🤖 AI Summary
This study addresses the limitations in performance and interpretability of self-supervised representation learning for resting-state fMRI by proposing the Rhamba framework. Rhamba uniquely integrates anatomy-guided, region-aware masking strategies—Any, Majority, and Pure—with a hybrid Attention-Mamba architecture and introduces region-aligned patch embeddings. Pretrained on ABIDE and fine-tuned on COBRE and ADHD-200 datasets for psychiatric disorder classification, Rhamba significantly outperforms existing methods, with its Mamba-Attention hybrid variant achieving the highest average AUROC. Integrated Gradients analysis further demonstrates that model performance hinges on the synergistic interplay between the masking strategy and architectural design, thereby enhancing both scalability and the interpretability of neuroimaging representations.
📝 Abstract
Self-supervised pretraining is promising for large-scale neuroimaging, yet the impact of region-aware masking and hybrid sequence modeling remains underexplored.
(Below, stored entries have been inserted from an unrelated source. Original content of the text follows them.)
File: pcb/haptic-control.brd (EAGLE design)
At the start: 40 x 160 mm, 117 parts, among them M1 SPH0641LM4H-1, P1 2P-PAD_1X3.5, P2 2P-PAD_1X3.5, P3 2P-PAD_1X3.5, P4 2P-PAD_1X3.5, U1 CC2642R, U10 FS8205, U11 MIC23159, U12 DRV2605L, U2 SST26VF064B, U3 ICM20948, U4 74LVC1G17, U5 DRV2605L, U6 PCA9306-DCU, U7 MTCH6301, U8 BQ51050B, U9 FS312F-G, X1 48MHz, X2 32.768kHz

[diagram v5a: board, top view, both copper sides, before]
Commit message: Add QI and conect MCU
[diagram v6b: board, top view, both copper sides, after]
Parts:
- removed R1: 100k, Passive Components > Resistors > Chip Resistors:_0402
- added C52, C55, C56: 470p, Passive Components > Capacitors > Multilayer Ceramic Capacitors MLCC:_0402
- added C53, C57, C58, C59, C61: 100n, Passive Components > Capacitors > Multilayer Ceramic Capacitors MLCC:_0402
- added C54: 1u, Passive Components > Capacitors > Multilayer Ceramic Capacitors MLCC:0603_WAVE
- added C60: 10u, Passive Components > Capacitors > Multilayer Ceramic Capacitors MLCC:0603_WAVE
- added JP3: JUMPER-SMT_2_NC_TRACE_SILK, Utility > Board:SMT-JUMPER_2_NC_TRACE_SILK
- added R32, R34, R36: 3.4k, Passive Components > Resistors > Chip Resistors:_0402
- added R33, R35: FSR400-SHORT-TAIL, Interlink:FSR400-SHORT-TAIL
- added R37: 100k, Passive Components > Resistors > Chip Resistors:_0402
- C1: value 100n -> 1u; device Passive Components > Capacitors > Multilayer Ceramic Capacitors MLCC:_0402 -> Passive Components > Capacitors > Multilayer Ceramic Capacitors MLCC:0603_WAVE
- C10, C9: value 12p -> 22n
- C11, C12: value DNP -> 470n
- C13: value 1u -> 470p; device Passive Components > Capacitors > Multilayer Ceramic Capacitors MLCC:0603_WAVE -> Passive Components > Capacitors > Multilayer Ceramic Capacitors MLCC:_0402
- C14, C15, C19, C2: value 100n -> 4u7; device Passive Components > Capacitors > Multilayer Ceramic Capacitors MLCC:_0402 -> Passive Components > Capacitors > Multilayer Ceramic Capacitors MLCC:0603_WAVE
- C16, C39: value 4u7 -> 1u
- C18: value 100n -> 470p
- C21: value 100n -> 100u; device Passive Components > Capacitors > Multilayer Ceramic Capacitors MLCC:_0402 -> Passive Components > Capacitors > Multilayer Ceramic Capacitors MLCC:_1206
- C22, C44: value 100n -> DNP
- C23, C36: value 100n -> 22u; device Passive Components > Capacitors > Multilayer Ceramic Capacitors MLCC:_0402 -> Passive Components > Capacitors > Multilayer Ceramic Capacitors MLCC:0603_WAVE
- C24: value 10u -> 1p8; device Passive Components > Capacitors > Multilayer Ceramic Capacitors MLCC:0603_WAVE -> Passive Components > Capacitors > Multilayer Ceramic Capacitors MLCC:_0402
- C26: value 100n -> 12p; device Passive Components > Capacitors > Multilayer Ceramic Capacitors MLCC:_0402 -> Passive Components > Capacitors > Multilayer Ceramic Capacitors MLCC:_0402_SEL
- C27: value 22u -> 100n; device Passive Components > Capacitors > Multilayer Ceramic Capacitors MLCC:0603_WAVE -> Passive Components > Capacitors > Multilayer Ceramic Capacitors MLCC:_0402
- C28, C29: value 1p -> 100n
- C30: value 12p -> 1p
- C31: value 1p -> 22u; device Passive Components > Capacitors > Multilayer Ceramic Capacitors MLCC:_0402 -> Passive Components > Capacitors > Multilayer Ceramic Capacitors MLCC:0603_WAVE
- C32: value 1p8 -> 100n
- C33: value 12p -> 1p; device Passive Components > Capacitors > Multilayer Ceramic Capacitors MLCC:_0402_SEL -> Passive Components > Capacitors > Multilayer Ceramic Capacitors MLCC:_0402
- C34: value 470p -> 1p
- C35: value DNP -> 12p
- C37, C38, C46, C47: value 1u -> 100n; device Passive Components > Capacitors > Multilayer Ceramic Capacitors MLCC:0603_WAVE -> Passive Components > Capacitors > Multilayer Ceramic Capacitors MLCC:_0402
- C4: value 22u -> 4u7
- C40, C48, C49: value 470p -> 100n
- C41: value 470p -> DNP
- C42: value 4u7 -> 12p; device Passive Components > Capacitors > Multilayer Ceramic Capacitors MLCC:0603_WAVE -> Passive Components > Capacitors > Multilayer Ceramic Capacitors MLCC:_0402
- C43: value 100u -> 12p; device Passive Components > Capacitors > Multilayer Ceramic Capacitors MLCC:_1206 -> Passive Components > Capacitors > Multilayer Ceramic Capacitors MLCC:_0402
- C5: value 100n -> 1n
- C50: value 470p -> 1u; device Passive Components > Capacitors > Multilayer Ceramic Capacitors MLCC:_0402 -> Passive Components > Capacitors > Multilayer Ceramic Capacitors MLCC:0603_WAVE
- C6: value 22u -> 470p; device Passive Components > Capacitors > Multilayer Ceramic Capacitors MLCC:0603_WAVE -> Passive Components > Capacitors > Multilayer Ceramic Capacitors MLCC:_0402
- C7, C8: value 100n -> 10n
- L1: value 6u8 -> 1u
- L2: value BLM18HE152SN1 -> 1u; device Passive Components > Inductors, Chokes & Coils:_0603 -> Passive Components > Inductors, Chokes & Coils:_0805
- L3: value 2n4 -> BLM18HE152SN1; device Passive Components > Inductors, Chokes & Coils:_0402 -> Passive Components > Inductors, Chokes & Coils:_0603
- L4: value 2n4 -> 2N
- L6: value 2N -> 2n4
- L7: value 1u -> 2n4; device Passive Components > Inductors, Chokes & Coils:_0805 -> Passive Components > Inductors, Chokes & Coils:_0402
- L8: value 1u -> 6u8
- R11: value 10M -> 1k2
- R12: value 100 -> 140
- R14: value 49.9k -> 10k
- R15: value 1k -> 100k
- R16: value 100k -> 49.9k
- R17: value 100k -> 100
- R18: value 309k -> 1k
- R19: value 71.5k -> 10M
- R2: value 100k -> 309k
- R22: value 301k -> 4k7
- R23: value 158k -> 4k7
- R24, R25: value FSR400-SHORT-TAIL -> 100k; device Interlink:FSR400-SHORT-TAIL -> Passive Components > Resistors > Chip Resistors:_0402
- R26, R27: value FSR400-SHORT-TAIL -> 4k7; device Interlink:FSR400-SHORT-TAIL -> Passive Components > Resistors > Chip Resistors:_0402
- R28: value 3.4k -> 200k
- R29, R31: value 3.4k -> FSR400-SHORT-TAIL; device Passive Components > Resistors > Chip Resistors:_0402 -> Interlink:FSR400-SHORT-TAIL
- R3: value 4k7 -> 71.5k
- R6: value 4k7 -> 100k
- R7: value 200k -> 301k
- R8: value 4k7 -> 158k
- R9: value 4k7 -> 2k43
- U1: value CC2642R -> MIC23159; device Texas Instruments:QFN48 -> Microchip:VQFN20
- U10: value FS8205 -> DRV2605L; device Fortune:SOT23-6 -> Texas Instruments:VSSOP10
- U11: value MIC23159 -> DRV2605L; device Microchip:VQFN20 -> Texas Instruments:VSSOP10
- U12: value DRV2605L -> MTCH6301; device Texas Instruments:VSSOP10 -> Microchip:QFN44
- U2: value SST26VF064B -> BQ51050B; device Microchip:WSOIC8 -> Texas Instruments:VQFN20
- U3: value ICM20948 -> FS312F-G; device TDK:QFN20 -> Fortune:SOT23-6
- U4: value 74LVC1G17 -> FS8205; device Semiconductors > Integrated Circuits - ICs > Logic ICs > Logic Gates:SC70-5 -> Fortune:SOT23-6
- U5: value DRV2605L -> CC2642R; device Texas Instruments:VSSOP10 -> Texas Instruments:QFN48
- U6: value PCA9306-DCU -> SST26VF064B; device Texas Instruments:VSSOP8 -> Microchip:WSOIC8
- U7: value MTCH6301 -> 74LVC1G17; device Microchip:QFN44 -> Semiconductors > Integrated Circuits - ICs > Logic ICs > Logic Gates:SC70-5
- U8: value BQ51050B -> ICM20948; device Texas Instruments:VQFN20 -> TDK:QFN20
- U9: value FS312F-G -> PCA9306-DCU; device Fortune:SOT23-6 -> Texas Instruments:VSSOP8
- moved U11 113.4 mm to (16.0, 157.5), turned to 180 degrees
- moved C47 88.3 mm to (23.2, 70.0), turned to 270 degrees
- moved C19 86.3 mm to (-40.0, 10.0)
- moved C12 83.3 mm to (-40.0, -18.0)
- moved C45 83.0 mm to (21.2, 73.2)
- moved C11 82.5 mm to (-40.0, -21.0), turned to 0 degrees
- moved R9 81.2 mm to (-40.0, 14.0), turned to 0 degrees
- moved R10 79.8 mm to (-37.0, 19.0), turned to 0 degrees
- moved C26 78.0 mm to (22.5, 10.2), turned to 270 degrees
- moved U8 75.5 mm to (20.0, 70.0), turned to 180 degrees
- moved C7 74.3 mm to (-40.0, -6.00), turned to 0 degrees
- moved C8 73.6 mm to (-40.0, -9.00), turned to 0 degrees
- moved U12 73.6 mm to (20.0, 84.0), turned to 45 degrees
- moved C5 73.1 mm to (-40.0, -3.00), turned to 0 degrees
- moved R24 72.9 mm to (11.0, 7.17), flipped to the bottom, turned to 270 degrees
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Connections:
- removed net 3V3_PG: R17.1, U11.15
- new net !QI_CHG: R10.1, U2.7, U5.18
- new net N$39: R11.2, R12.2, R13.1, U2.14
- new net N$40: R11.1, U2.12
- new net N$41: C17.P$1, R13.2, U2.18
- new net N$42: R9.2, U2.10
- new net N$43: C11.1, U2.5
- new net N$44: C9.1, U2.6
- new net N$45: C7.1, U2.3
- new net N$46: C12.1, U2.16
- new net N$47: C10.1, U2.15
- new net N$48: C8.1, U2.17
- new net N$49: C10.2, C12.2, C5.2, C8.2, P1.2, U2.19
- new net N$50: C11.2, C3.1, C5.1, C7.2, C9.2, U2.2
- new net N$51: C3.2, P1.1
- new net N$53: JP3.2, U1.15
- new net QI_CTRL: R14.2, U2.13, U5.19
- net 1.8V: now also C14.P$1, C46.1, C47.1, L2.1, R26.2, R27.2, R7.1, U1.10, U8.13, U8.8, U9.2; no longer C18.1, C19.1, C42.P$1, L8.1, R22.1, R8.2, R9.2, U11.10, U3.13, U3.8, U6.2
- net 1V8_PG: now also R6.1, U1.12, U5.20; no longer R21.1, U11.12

In this work, we introduce Rhamba, a region-aware pretraining framework that integrates anatomically guided masking with hybrid Attention-Mamba architectures for resting state functional magnetic resonance imaging (fMRI) analysis. Models were pretrained on the ABIDE dataset using region-aligned patch embeddings and three masking strategies (Any, Majority, and Pure) with increasing spatial specificity. We evaluated four architectural variants: a Mamba only model, an Alternate architecture with interleaved Mamba and Attention blocks, and two hybrid encoder-decoder configurations (Attention-Mamba (AM) and Mamba-Attention (MA)). The pretrained models were fine-tuned on downstream classification tasks using the COBRE and ADHD-200 datasets for schizophrenia and attention-deficit/hyperactivity disorder discrimination. We employed Integrated Gradients, an explainable AI method, to identify the brain regions contributing to model predictions. Masking strategy strongly influenced reconstruction behavior, with reconstruction loss following a consistent ordering (Any > Majority > Pure). However, this trend did not directly translate into downstream performance, where differences were modest and dataset-dependent. The hybrid architecture with the MA configuration achieved the highest average AUROC across both datasets, and Rhamba outperformed state-of-the-art methods in comparative evaluation. Region-wise analysis showed that peak performance depends on the interaction between masking strategy and architecture rather than a single dominant configuration. Overall, Rhamba offers a flexible framework for balancing interpretability, scalability, and performance in large-scale fMRI representation learning.